BEGIN

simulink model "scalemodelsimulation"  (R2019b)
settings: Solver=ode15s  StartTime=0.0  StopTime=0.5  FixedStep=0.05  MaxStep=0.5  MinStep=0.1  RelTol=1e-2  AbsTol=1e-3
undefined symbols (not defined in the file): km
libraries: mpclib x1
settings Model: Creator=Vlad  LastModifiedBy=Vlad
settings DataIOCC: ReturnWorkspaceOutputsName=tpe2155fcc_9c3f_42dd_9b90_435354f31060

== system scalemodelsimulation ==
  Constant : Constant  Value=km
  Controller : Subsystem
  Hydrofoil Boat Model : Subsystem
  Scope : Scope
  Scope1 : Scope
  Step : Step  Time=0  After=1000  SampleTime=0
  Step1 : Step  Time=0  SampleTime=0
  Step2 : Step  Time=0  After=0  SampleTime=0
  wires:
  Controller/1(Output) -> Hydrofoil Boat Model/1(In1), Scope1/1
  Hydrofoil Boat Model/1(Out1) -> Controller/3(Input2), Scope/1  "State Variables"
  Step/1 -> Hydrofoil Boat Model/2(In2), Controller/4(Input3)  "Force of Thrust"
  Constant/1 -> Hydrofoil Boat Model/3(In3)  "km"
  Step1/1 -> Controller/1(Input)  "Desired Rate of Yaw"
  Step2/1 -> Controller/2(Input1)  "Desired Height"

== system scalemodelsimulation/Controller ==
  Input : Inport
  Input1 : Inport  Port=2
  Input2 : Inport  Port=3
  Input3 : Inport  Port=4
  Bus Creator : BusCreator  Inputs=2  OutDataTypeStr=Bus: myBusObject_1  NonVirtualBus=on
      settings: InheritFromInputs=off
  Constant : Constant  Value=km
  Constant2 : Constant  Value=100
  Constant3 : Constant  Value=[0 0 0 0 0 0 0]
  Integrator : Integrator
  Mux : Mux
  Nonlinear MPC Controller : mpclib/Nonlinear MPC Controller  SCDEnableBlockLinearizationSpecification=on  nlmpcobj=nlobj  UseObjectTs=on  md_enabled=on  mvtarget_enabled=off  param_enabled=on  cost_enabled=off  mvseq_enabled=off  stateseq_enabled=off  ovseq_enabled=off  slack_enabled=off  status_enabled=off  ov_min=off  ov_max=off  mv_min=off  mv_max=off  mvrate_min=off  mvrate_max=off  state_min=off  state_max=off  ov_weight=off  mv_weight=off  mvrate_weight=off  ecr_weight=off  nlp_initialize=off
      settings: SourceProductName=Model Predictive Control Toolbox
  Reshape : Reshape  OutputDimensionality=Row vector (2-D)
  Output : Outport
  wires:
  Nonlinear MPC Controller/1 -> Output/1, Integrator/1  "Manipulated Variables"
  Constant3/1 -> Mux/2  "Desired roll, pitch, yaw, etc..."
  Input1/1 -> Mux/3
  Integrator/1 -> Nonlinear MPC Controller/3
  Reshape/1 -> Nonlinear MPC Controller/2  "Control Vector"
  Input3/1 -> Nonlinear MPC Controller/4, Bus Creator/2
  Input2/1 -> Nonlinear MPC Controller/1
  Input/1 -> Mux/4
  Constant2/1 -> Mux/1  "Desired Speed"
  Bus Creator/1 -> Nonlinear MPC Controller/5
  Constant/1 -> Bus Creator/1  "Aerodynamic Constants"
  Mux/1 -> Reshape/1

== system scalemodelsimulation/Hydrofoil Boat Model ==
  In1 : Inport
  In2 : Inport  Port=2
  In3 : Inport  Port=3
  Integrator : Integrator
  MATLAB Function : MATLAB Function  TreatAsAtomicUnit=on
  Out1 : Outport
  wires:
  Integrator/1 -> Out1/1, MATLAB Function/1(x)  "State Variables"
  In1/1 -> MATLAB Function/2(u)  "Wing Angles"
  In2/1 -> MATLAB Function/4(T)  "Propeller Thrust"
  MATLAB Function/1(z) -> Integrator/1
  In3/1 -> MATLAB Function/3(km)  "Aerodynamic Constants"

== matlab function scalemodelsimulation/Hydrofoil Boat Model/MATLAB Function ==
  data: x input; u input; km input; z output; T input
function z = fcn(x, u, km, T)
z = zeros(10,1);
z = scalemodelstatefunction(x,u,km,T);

END

## [Work task]
Only one part of the material above is to be transcribed, namely the lines starting with the line that has "Nonlinear MPC Controller/1 ->" and going on through the line that has "In3/1 -> MATLAB", exactly as they stand.

## [Solved problem]
  Nonlinear MPC Controller/1 -> Output/1, Integrator/1  "Manipulated Variables"
  Constant3/1 -> Mux/2  "Desired roll, pitch, yaw, etc..."
  Input1/1 -> Mux/3
  Integrator/1 -> Nonlinear MPC Controller/3
  Reshape/1 -> Nonlinear MPC Controller/2  "Control Vector"
  Input3/1 -> Nonlinear MPC Controller/4, Bus Creator/2
  Input2/1 -> Nonlinear MPC Controller/1
  Input/1 -> Mux/4
  Constant2/1 -> Mux/1  "Desired Speed"
  Bus Creator/1 -> Nonlinear MPC Controller/5
  Constant/1 -> Bus Creator/1  "Aerodynamic Constants"
  Mux/1 -> Reshape/1

== system scalemodelsimulation/Hydrofoil Boat Model ==
  In1 : Inport
  In2 : Inport  Port=2
  In3 : Inport  Port=3
  Integrator : Integrator
  MATLAB Function : MATLAB Function  TreatAsAtomicUnit=on
  Out1 : Outport
  wires:
  Integrator/1 -> Out1/1, MATLAB Function/1(x)  "State Variables"
  In1/1 -> MATLAB Function/2(u)  "Wing Angles"
  In2/1 -> MATLAB Function/4(T)  "Propeller Thrust"
  MATLAB Function/1(z) -> Integrator/1
  In3/1 -> MATLAB Function/3(km)  "Aerodynamic Constants"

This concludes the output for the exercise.